TASK INSTRUCTIONS - Set down exactly, from the records below, the line with "#129=CARTESIAN_POINT('',(6.,-5.29150262212918,109.3));" through the line with "#145=CARTESIAN_POINT('',(6.,-5.29150262212918,109.3));", and nothing else.

RECORDS FOR PROCESSING -
◇ ◇ ◇ ◇ ◇ ◇ ◇

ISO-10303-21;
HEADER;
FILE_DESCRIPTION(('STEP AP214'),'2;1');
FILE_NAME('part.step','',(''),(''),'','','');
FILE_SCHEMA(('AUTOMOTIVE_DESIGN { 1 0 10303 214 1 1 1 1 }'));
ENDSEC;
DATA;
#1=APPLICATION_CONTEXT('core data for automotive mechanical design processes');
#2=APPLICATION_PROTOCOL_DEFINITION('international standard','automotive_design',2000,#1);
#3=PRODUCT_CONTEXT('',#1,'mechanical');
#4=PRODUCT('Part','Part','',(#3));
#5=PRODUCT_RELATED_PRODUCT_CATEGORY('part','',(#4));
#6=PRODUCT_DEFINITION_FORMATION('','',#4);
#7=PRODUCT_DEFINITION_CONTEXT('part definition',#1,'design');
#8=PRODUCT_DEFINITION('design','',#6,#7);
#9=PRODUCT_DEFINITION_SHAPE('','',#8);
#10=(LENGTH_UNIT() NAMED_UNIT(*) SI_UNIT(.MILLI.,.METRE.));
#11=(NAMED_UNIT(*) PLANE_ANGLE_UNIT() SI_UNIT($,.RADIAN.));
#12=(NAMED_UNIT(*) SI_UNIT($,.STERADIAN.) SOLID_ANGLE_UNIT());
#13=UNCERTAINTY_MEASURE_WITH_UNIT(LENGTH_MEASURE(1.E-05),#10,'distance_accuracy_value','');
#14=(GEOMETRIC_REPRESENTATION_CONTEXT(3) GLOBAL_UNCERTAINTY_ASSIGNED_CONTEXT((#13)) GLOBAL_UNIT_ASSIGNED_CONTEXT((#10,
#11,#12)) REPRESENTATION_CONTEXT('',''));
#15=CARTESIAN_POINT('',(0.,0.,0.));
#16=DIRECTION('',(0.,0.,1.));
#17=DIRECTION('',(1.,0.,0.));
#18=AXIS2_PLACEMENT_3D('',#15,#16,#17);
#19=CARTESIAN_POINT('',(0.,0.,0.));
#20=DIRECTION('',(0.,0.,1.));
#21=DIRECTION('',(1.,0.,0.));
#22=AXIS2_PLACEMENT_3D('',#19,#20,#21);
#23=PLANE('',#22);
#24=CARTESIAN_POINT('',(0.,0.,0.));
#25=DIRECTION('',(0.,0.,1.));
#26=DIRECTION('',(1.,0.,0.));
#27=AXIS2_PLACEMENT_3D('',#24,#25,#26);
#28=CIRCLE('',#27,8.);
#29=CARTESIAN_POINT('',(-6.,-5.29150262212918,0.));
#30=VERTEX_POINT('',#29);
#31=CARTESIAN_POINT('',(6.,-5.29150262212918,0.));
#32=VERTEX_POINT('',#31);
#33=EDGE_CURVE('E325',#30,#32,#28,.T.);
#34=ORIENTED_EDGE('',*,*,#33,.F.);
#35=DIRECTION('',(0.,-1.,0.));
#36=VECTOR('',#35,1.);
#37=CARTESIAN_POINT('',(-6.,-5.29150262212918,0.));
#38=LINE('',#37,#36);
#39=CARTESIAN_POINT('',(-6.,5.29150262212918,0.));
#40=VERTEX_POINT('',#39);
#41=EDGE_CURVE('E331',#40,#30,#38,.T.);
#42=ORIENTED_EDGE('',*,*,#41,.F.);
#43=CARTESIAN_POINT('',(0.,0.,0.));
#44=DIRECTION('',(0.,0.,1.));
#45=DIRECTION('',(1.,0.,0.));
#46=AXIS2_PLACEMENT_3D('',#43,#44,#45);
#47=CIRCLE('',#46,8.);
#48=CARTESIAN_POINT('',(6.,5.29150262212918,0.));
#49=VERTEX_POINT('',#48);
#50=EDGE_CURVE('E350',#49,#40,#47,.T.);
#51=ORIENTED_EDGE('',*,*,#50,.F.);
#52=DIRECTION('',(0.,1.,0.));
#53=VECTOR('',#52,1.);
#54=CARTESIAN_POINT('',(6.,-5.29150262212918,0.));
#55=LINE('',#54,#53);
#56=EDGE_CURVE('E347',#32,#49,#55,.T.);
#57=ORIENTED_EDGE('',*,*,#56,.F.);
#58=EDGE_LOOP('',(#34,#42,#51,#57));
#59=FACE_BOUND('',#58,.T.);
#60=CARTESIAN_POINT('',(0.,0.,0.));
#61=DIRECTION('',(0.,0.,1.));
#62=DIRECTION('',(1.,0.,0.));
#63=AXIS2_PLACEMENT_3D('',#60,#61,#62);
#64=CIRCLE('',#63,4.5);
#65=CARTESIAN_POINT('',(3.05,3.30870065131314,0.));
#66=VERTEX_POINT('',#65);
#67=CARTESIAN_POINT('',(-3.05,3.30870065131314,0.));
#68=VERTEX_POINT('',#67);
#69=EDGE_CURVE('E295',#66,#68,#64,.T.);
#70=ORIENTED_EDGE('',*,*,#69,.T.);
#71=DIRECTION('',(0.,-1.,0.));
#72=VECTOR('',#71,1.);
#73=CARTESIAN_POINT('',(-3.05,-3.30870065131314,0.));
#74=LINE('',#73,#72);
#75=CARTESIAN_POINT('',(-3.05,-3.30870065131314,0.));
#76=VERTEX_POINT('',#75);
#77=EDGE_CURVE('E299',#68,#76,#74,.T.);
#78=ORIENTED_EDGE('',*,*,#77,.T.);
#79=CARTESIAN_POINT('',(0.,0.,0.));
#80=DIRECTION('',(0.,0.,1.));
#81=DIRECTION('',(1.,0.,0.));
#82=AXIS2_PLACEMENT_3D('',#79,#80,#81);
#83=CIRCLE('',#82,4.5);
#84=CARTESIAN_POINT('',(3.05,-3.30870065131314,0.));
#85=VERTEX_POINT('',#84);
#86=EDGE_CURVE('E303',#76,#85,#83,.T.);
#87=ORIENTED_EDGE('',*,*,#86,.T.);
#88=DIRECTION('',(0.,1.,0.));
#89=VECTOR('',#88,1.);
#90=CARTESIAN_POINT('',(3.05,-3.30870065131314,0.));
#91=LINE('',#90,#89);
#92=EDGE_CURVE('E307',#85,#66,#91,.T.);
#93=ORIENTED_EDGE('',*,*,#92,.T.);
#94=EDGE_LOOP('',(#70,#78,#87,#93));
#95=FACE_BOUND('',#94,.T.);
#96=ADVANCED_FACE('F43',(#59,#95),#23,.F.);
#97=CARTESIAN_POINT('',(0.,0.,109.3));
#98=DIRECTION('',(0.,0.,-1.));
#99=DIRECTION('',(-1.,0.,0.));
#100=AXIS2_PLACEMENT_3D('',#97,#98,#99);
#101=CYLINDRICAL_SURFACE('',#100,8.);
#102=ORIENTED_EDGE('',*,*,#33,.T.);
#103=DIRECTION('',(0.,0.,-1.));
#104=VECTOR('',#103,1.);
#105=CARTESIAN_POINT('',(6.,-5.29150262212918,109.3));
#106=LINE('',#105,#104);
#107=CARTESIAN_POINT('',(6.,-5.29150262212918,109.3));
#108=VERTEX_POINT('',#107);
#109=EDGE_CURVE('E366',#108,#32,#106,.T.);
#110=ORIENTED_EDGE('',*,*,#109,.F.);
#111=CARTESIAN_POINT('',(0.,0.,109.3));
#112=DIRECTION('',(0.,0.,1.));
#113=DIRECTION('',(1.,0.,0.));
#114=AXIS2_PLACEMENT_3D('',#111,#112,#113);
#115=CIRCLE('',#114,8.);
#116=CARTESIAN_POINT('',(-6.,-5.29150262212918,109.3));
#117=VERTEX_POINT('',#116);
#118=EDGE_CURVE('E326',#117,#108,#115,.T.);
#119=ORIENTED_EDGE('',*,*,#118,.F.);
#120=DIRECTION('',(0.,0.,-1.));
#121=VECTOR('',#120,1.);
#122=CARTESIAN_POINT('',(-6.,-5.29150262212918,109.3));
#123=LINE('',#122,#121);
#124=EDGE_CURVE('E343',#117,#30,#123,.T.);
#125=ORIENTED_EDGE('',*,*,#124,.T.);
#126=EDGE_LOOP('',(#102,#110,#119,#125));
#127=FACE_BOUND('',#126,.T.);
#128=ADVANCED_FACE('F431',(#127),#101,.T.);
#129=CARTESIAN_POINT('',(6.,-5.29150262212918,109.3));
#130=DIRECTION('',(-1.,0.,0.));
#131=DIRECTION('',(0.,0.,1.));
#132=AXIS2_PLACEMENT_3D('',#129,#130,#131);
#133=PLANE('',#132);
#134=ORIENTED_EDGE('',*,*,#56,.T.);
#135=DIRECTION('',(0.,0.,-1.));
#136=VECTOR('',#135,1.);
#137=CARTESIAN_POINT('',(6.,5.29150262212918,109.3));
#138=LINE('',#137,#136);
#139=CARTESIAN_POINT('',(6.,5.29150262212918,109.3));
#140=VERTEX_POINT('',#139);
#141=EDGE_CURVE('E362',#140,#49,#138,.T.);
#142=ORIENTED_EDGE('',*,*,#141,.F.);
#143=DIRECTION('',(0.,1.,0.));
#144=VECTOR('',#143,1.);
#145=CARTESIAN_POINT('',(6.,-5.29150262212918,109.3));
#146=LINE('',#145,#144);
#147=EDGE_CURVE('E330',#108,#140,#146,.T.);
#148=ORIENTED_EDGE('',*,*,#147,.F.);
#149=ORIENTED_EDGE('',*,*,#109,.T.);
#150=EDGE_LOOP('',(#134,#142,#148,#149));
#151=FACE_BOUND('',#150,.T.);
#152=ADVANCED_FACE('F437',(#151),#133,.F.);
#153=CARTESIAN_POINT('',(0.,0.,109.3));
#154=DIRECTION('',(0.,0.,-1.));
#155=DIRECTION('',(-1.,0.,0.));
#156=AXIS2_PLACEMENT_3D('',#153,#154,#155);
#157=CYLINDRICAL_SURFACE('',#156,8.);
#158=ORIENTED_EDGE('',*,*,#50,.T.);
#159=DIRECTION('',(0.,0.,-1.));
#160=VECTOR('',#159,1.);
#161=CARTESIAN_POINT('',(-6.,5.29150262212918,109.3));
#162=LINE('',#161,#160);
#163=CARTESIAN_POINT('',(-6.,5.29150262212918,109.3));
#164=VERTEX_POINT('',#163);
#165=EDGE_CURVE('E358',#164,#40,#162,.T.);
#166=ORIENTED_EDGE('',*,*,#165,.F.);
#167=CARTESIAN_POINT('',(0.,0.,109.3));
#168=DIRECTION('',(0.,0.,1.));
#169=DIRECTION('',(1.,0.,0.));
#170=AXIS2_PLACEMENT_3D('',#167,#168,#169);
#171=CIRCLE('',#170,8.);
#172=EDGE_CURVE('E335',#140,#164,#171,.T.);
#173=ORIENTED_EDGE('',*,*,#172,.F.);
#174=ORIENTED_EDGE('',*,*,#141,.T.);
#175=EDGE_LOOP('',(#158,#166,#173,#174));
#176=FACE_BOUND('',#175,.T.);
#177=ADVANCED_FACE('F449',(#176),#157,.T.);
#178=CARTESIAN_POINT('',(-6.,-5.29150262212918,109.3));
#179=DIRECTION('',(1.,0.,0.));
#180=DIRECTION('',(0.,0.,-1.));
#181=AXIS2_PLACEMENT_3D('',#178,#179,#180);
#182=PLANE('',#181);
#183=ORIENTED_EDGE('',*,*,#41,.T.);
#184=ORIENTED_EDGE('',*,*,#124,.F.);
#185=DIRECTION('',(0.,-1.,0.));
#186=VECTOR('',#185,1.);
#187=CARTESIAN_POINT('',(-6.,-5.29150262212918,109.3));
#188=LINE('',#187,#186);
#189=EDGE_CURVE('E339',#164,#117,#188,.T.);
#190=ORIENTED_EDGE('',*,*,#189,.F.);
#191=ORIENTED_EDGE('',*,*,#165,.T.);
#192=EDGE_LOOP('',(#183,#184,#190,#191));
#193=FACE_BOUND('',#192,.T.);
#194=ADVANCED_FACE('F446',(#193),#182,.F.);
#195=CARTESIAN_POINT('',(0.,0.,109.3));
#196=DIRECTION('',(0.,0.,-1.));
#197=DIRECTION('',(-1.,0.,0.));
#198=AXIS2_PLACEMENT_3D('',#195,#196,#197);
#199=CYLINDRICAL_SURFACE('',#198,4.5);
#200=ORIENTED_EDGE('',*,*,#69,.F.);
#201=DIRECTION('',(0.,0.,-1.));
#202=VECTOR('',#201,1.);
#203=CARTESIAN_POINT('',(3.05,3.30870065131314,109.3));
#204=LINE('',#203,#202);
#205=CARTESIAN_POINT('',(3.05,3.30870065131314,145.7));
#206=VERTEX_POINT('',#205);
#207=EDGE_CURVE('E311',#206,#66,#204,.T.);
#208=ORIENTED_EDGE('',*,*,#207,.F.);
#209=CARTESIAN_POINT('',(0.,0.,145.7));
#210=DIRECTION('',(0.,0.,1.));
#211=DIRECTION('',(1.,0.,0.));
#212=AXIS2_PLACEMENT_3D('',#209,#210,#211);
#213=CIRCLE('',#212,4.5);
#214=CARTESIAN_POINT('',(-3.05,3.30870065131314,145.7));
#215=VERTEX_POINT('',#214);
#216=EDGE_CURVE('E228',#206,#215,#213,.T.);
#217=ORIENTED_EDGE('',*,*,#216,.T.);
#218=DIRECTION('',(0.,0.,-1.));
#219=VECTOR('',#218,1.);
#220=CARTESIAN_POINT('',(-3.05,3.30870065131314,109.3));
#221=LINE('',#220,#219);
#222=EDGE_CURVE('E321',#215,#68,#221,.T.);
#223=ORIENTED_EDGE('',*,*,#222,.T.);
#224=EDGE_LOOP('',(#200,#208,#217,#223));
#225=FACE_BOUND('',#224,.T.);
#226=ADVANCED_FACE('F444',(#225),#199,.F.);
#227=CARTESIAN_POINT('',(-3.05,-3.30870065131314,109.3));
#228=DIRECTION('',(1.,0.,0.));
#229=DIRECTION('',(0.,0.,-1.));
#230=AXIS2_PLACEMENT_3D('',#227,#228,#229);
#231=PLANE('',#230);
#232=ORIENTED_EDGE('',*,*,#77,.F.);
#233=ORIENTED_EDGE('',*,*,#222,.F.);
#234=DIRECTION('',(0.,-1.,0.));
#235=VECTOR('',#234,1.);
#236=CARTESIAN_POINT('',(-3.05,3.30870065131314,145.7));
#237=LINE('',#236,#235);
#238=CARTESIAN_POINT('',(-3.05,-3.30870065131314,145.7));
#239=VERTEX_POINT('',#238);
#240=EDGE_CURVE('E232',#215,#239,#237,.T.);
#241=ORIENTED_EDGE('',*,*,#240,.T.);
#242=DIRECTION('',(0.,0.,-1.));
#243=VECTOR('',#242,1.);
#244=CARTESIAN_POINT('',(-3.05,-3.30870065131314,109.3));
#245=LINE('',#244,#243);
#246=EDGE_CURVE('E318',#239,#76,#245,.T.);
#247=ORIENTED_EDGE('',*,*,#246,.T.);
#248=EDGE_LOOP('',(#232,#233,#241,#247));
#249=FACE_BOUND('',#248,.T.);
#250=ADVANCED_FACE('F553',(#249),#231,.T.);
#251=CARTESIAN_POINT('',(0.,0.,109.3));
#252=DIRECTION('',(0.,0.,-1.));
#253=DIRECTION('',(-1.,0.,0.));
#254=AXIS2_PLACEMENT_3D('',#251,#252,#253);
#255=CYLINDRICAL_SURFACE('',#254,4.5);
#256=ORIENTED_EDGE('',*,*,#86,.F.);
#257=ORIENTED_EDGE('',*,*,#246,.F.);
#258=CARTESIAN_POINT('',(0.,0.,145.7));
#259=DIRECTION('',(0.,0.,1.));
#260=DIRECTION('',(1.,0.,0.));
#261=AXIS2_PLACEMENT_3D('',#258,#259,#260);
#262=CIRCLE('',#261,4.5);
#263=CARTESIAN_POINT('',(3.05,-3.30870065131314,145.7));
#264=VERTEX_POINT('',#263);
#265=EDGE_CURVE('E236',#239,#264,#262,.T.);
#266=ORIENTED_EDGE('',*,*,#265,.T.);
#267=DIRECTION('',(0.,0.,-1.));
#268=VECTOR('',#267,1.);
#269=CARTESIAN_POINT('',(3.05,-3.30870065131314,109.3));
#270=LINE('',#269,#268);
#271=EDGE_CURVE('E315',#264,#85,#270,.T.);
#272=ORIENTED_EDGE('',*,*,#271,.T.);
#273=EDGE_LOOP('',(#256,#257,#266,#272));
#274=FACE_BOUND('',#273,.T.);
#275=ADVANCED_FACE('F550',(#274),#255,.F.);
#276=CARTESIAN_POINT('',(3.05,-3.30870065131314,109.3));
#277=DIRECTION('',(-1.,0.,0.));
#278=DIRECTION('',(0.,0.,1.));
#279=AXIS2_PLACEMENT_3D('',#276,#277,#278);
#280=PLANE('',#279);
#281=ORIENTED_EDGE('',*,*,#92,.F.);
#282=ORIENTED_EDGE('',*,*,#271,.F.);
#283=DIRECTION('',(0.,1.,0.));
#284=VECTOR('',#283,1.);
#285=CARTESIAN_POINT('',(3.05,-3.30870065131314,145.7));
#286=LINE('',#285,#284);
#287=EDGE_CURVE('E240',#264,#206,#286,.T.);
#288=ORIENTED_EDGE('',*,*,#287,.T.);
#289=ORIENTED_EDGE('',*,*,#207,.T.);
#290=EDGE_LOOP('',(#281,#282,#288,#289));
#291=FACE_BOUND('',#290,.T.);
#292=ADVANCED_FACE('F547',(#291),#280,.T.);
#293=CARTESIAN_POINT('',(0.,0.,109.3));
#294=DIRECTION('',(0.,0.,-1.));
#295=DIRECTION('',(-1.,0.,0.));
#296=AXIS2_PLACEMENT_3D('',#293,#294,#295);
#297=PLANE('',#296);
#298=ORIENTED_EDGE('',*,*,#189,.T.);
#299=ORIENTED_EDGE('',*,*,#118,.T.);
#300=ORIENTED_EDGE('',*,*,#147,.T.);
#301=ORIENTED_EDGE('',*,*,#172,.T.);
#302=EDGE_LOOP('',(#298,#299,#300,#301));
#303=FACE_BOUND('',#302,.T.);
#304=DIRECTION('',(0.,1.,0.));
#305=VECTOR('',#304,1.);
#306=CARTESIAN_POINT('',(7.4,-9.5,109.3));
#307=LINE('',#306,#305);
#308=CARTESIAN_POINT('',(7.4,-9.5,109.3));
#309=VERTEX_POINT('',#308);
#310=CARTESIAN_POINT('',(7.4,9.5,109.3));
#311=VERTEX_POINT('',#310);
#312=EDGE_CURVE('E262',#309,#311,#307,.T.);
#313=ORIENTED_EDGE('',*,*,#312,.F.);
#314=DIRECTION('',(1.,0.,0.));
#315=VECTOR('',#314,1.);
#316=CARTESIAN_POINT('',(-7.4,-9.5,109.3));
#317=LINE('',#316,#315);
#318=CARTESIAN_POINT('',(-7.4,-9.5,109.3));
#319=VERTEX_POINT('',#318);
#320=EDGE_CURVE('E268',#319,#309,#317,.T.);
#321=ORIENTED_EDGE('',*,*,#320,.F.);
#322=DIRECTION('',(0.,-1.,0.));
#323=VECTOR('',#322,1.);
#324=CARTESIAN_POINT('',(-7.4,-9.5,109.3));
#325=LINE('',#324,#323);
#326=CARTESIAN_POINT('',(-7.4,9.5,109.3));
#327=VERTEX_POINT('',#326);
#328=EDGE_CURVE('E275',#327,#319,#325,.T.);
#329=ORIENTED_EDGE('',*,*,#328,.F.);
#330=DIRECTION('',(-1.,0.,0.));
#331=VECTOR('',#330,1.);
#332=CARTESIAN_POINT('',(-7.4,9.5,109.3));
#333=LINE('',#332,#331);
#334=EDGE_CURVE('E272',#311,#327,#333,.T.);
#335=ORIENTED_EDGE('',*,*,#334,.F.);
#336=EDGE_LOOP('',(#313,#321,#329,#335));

◇ ◇ ◇ ◇ ◇ ◇ ◇

FINISHED TASK -
#129=CARTESIAN_POINT('',(6.,-5.29150262212918,109.3));
#130=DIRECTION('',(-1.,0.,0.));
#131=DIRECTION('',(0.,0.,1.));
#132=AXIS2_PLACEMENT_3D('',#129,#130,#131);
#133=PLANE('',#132);
#134=ORIENTED_EDGE('',*,*,#56,.T.);
#135=DIRECTION('',(0.,0.,-1.));
#136=VECTOR('',#135,1.);
#137=CARTESIAN_POINT('',(6.,5.29150262212918,109.3));
#138=LINE('',#137,#136);
#139=CARTESIAN_POINT('',(6.,5.29150262212918,109.3));
#140=VERTEX_POINT('',#139);
#141=EDGE_CURVE('E362',#140,#49,#138,.T.);
#142=ORIENTED_EDGE('',*,*,#141,.F.);
#143=DIRECTION('',(0.,1.,0.));
#144=VECTOR('',#143,1.);
#145=CARTESIAN_POINT('',(6.,-5.29150262212918,109.3));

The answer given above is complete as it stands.